A: Where did you grow up?
AS: The Philippines, first, among mangos. North Bronx, next, among the working class. Now when I’m not on campus, I live with two of my best friends above a L’Occitane in the West Village, which has taught me to hate the smell of verbana, whatever it is. Academically, I went from public elementary to Christian middle to old money private boarding to whatever you’d call Wesleyan.
A: Is it true that you’re king of the gays at Wesleyan?
AS: A community of queens has no need for just one king, but I think that the gay male community at Wesleyan still has a definite center, or people who become synonymous with the phrase “gay male” at this school. And while power has definitely shifted out of the hands of just one person, where it existed when I was a freshman, into the hands of many more of us, I don’t think that we’ve become a democratic community. But what community doesn’t have some form or another of due paying? It isn’t necessarily a bad thing. Equality for me exists solely as a legal consideration. Let’s all actively earn the respect we deserve by proving ourselves. But to answer your question: No, I am not king of the gays. But I sure have cuckolded my fair share of fools.
A: When did you first become interested in theater?
AS: My first ever play was a production of King John in which I was cast as Arthur when I was seven. I enjoyed jumping to my death and have been an actor at heart ever since, even though my talent hasn’t grown with me. In high school, I was outclassed by just about every other male actor. I wasn’t getting any parts, see, so the head of the drama department made a concession to keep me motivated—that I still be involved in theatre, but as a writer and a director. And I couldn’t be happier. I’ve never been so thankful for any other rejection in my life.
A: How did you come up with the idea for HUSK, a dark whodunit set in the middle of Middle America?

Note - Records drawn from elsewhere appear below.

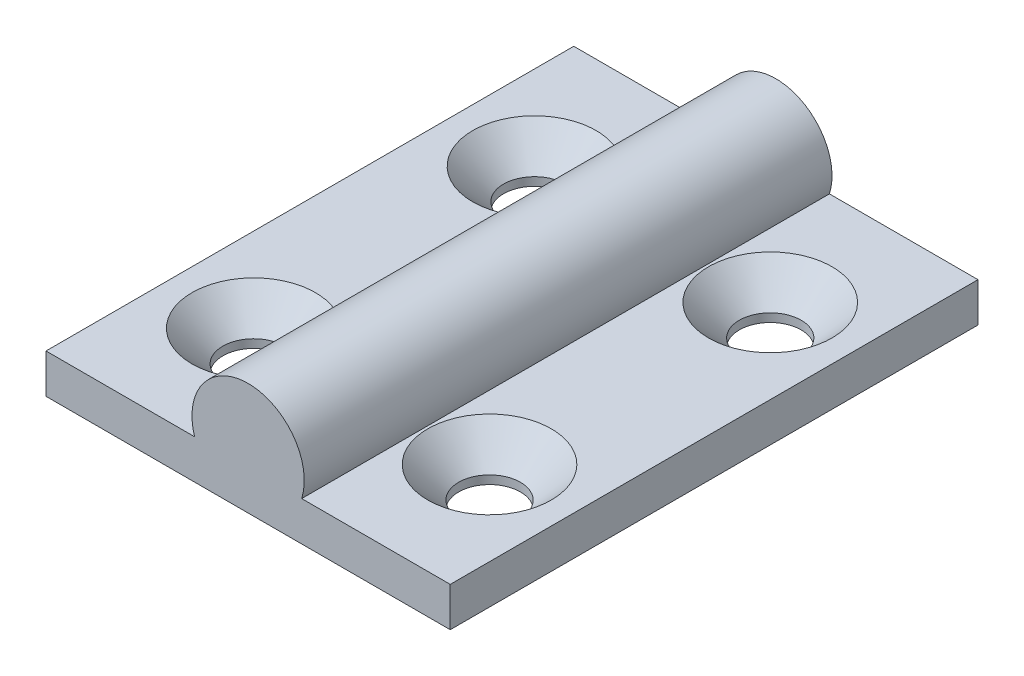
from build123d import *

# Parameters (mm, degrees)
SKETCH1_R           = 5
BOSS_EXTRUDE1_DEPTH = 23.5
HOLE1_AT_2_COUNT    = 2
HOLE1_AT_2_PITCH    = 25


with BuildPart() as part:
    # Sketch1 → Boss-Extrude1 (new, symmetric)
    with BuildSketch(Plane.XY):
        with BuildLine():
            Line((-18, -5), (0, -5))
            ThreePointArc((0, -5), (-2.958039892, -4.031128874), (-4.769696007, -1.5))
            Line((-4.769696007, -1.5), (-18, -1.5))
            Line((-18, -1.5), (-18, -5))
        make_face()
        Circle(SKETCH1_R)
    boss_extrude1 = extrude(amount=BOSS_EXTRUDE1_DEPTH, both=True)

    # Sketch5 → Hole1 (revolve, cut)
    with BuildSketch(Plane(origin=(-10.5, -1.5, -12.5), x_dir=(0, 0, 1), z_dir=(1, 0, 0))):
        Polygon((0, 0), (0, 5.152366702), (2.75, 3.5), (2.75, 2.75), (5.5, 0), align=None)
    hole1 = revolve(axis=Axis((-10.5, 12.808894879, -12.5), (0, -1, 0)), mode=Mode.SUBTRACT)

    # Hole1 at 2: Hole1 ×2
    with Locations(*[(0, 0, i * HOLE1_AT_2_PITCH) for i in range(1, HOLE1_AT_2_COUNT)]):
        add(hole1, mode=Mode.SUBTRACT)

    # Mirror1: Boss-Extrude1 across plane
    add(boss_extrude1.mirror(Plane(origin=(0, 0, 0), x_dir=(0, 0, 1), z_dir=(1, 0, 0))))

    # Mirror2: Hole1 across plane
    add(hole1.mirror(Plane(origin=(0, 0, 0), x_dir=(0, 0, 1), z_dir=(1, 0, 0))), mode=Mode.SUBTRACT)

    # Mirror2 copy 1 sketch → Mirror2 copy 1 (revolve, cut)
    with BuildSketch(Plane(origin=(10.5, -1.5, 12.5), x_dir=(0, 0, 1), z_dir=(-1, 0, 0))):
        Polygon((0, 0), (0, -5.152366702), (2.75, -3.5), (2.75, -2.75), (5.5, 0), align=None)
    revolve(axis=Axis((10.5, 12.808894879, 12.5), (0, 1, 0)), mode=Mode.SUBTRACT)


solid = part.part

AS: I had an idea two years ago for a slapstick comedy about a woman who takes to being a detective to distract herself from the grief of her dead husband. Then I just sort of let it die after writing the first two scenes. But this summer, someone broke my heart or something, and I tried to write something, anything, to distract myself. Most of it was all bad poetry, and then I remembered that woman I had come up with two years ago, and I reminded myself of her, and I took to reimagining that.
A: What’s this one about?
AS: It’s hard to say what it’s about, but I can talk about process. I wanted to blow the dust off some very old clichés in American writing and find out why they became clichés in the first place. Formula has become a dirty word for writers and it shouldn’t be. There’s something exhilarating about formula, and more writers should do what they can with it. It gives the audience a point of reference, so they can see exactly the choices you’ve made and what you’re doing, and your risks and deviations and newness don’t end up looking like irresponsible madness. So here I wanted to write a mystery story that smacked of Fargo, only to have it then turn on its head and become something different—not a story about the solving of a mystery but a story about getting to the bottom of things, where the solving of a mystery becomes a red herring in and of itself. And every time the audience thinks they know how the story is going to be, a new character is introduced, and the center of the story changes, or intermission happens and half the cast dies or disappears. So the play is not about the crisp, clean conclusion of one of these plots but about the crisp, clean conclusion of none of them. And even though my drawing from Fargo and The Cherry Orchard and, to a lesser extent, A Streetcar Named Desire was obvious, I wanted to bring storytelling for the stage into new territory without forcing that newness down anyone’s throats, because no one likes an aggressive newness, as much as critics and artists claim that’s what they want. It feels very insular, and theater is a medium that should seem democratic and be radical. So newness and progress should creep up on us. And if I’ve accomplished that here, then I’ll consider my work a success and keep moving forward into other territory.
A: Who are your influences?
AS: Anton Chekhov, Tennessee Williams, Ethan Coen, and Ashton H. Minty, a little-known playwright who penned “A Gay and Succulent Bird” and “Knock, Knock! Who’s There? Rape.”
A: Any theater plans for next semester?
AS: At this point, I’m really enchanted with an adaptation of the Icarus myth I wrote that follows the gay male experience in five different moments or eras of American history—the Civil War, the Gilded Age, the Vietnam War, the late 1980s, and finally, the night of the 2008 elections. It’s avant-garde as hell.